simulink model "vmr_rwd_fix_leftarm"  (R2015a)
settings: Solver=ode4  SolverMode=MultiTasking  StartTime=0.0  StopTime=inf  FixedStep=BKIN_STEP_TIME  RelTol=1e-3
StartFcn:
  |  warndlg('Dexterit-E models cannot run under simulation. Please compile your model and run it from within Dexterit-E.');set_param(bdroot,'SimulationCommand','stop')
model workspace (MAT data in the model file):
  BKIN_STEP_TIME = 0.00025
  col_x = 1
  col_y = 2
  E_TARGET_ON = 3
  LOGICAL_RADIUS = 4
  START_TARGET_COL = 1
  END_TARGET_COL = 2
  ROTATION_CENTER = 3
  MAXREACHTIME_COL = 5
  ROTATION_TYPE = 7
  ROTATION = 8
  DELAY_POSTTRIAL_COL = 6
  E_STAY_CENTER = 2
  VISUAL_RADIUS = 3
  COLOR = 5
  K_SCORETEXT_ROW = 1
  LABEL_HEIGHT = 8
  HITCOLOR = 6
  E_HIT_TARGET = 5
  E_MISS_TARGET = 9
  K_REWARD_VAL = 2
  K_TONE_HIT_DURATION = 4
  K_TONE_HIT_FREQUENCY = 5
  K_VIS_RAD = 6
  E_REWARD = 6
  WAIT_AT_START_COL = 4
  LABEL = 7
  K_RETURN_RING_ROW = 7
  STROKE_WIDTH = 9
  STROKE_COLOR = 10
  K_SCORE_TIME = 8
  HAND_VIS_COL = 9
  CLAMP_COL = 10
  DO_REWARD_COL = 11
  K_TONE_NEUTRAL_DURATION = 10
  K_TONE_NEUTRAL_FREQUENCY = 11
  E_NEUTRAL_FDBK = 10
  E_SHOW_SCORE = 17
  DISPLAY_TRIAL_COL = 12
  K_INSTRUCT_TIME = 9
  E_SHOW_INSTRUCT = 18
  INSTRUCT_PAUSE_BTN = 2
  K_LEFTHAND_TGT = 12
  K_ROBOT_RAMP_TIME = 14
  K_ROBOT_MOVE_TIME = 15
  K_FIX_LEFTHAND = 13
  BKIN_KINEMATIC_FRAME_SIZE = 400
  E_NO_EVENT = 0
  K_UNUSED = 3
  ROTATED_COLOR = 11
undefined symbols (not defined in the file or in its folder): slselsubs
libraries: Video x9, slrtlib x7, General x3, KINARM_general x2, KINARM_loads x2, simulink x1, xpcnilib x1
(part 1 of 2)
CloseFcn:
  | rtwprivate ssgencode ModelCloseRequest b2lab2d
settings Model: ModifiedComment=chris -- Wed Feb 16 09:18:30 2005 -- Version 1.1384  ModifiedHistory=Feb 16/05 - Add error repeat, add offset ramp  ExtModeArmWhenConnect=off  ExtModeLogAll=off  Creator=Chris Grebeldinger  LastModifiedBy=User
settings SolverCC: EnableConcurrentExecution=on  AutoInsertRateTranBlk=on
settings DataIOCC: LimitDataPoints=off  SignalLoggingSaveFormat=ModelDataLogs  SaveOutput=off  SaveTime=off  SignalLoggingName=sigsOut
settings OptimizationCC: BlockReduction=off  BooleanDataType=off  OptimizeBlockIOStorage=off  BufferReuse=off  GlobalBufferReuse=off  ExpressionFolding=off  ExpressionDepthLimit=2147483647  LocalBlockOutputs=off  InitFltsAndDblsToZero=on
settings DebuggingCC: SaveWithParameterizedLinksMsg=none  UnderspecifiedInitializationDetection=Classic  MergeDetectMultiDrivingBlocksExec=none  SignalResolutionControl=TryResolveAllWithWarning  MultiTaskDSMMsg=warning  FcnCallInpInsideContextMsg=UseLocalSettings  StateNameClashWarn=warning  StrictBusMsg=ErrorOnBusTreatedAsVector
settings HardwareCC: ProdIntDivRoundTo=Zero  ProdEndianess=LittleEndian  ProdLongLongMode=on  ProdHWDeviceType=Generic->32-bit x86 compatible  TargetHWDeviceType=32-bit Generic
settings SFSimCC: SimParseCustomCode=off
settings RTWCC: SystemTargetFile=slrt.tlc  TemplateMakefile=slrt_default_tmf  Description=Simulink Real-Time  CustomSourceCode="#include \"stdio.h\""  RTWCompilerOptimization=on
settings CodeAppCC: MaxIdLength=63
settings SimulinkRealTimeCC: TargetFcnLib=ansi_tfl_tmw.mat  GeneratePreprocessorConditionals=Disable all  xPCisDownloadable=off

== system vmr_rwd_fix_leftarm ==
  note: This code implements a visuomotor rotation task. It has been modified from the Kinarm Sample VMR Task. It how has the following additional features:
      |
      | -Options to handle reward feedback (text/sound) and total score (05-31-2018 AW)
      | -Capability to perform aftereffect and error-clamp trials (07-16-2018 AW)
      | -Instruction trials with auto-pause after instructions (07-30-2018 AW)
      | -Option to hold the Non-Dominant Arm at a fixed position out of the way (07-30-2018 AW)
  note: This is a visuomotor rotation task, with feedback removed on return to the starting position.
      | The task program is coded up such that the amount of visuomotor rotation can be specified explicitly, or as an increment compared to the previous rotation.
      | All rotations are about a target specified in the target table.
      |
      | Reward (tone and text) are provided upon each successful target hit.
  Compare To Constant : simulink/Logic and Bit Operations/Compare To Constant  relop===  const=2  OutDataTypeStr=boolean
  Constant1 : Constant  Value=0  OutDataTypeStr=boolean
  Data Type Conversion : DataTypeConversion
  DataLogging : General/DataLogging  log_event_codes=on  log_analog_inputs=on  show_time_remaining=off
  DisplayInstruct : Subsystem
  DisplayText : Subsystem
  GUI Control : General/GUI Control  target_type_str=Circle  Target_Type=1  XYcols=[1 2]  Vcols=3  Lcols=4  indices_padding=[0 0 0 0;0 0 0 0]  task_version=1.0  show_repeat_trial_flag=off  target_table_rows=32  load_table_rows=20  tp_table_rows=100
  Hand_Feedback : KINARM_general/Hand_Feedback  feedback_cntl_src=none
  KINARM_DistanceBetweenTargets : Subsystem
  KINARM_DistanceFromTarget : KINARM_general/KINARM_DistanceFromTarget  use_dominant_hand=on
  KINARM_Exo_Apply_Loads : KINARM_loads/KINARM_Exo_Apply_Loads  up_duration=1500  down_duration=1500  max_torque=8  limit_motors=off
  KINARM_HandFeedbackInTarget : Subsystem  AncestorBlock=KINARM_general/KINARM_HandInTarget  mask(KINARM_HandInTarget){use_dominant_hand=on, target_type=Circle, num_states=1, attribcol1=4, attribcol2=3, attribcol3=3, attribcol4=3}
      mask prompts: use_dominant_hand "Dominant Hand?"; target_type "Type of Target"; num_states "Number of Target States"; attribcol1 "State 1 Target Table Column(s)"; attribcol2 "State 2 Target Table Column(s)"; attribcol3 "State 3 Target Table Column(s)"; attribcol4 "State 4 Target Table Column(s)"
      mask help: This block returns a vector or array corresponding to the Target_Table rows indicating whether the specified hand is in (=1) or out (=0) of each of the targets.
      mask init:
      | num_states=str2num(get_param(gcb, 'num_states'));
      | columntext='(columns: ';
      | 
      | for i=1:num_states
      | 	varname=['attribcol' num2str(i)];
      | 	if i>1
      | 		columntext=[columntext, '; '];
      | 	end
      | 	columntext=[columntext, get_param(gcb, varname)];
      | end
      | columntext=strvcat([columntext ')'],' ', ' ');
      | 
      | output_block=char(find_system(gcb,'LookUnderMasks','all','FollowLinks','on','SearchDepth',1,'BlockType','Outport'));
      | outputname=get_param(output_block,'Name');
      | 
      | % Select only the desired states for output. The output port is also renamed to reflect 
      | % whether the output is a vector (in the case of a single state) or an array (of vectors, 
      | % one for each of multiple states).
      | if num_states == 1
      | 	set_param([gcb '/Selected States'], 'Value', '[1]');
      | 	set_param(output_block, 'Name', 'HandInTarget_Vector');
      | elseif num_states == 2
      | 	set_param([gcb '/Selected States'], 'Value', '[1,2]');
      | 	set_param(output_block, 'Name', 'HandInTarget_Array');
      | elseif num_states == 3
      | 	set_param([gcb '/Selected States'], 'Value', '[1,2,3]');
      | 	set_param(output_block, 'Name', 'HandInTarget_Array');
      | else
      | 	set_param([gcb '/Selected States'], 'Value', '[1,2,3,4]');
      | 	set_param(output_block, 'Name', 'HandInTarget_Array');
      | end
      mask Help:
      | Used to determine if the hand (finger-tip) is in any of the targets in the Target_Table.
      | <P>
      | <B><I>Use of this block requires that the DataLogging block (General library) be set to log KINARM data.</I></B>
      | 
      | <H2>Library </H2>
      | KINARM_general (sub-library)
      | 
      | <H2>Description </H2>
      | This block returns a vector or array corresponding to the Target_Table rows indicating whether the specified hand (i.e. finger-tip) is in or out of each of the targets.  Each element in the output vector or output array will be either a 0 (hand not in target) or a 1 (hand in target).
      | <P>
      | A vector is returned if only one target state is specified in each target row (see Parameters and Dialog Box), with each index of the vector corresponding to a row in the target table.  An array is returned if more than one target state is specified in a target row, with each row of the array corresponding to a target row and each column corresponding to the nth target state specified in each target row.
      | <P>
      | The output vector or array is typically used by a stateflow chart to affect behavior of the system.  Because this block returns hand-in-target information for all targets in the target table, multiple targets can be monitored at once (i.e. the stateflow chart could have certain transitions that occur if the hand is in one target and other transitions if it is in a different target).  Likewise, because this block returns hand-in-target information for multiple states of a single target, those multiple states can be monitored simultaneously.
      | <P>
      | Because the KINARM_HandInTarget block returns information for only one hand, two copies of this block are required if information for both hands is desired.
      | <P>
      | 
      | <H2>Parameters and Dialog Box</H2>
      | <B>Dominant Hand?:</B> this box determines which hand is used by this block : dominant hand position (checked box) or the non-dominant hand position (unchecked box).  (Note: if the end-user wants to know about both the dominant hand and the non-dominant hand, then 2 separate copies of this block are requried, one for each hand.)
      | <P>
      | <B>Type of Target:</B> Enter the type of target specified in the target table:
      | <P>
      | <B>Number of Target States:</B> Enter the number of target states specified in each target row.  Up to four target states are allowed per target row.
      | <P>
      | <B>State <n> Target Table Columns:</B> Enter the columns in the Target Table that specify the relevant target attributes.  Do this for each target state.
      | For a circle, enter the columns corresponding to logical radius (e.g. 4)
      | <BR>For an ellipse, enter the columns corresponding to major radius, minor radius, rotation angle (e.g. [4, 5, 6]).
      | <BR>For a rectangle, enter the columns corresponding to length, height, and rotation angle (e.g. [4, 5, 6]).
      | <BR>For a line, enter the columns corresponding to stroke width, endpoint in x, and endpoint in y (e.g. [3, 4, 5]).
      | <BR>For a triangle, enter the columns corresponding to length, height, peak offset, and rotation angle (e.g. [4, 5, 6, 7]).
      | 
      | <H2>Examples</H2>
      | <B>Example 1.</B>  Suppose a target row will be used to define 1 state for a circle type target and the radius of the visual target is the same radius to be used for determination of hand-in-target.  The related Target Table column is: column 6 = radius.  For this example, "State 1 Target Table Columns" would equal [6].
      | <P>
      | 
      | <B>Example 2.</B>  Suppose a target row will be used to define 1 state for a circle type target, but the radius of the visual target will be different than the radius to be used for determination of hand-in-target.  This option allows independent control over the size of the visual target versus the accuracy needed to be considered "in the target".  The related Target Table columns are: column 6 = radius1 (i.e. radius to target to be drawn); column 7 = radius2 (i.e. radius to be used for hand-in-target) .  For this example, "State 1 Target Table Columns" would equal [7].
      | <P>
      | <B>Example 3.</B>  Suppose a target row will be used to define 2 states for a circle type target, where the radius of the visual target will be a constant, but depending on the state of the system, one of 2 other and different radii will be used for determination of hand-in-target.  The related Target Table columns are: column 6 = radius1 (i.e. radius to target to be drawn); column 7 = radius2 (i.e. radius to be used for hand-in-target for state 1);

——————

§ **Work request**
Only the lines above starting with the one with "HAND_VIS_COL = 9" and going through the one with "settings DebuggingCC: SaveWithParameterizedLinksMsg=none" are to be copied, word for word and with both ends kept.

§ **Finished exercise**
  HAND_VIS_COL = 9
  CLAMP_COL = 10
  DO_REWARD_COL = 11
  K_TONE_NEUTRAL_DURATION = 10
  K_TONE_NEUTRAL_FREQUENCY = 11
  E_NEUTRAL_FDBK = 10
  E_SHOW_SCORE = 17
  DISPLAY_TRIAL_COL = 12
  K_INSTRUCT_TIME = 9
  E_SHOW_INSTRUCT = 18
  INSTRUCT_PAUSE_BTN = 2
  K_LEFTHAND_TGT = 12
  K_ROBOT_RAMP_TIME = 14
  K_ROBOT_MOVE_TIME = 15
  K_FIX_LEFTHAND = 13
  BKIN_KINEMATIC_FRAME_SIZE = 400
  E_NO_EVENT = 0
  K_UNUSED = 3
  ROTATED_COLOR = 11
undefined symbols (not defined in the file or in its folder): slselsubs
libraries: Video x9, slrtlib x7, General x3, KINARM_general x2, KINARM_loads x2, simulink x1, xpcnilib x1
(part 1 of 2)
CloseFcn:
  | rtwprivate ssgencode ModelCloseRequest b2lab2d
settings Model: ModifiedComment=chris -- Wed Feb 16 09:18:30 2005 -- Version 1.1384  ModifiedHistory=Feb 16/05 - Add error repeat, add offset ramp  ExtModeArmWhenConnect=off  ExtModeLogAll=off  Creator=Chris Grebeldinger  LastModifiedBy=User
settings SolverCC: EnableConcurrentExecution=on  AutoInsertRateTranBlk=on
settings DataIOCC: LimitDataPoints=off  SignalLoggingSaveFormat=ModelDataLogs  SaveOutput=off  SaveTime=off  SignalLoggingName=sigsOut
settings OptimizationCC: BlockReduction=off  BooleanDataType=off  OptimizeBlockIOStorage=off  BufferReuse=off  GlobalBufferReuse=off  ExpressionFolding=off  ExpressionDepthLimit=2147483647  LocalBlockOutputs=off  InitFltsAndDblsToZero=on
settings DebuggingCC: SaveWithParameterizedLinksMsg=none  UnderspecifiedInitializationDetection=Classic  MergeDetectMultiDrivingBlocksExec=none  SignalResolutionControl=TryResolveAllWithWarning  MultiTaskDSMMsg=warning  FcnCallInpInsideContextMsg=UseLocalSettings  StateNameClashWarn=warning  StrictBusMsg=ErrorOnBusTreatedAsVector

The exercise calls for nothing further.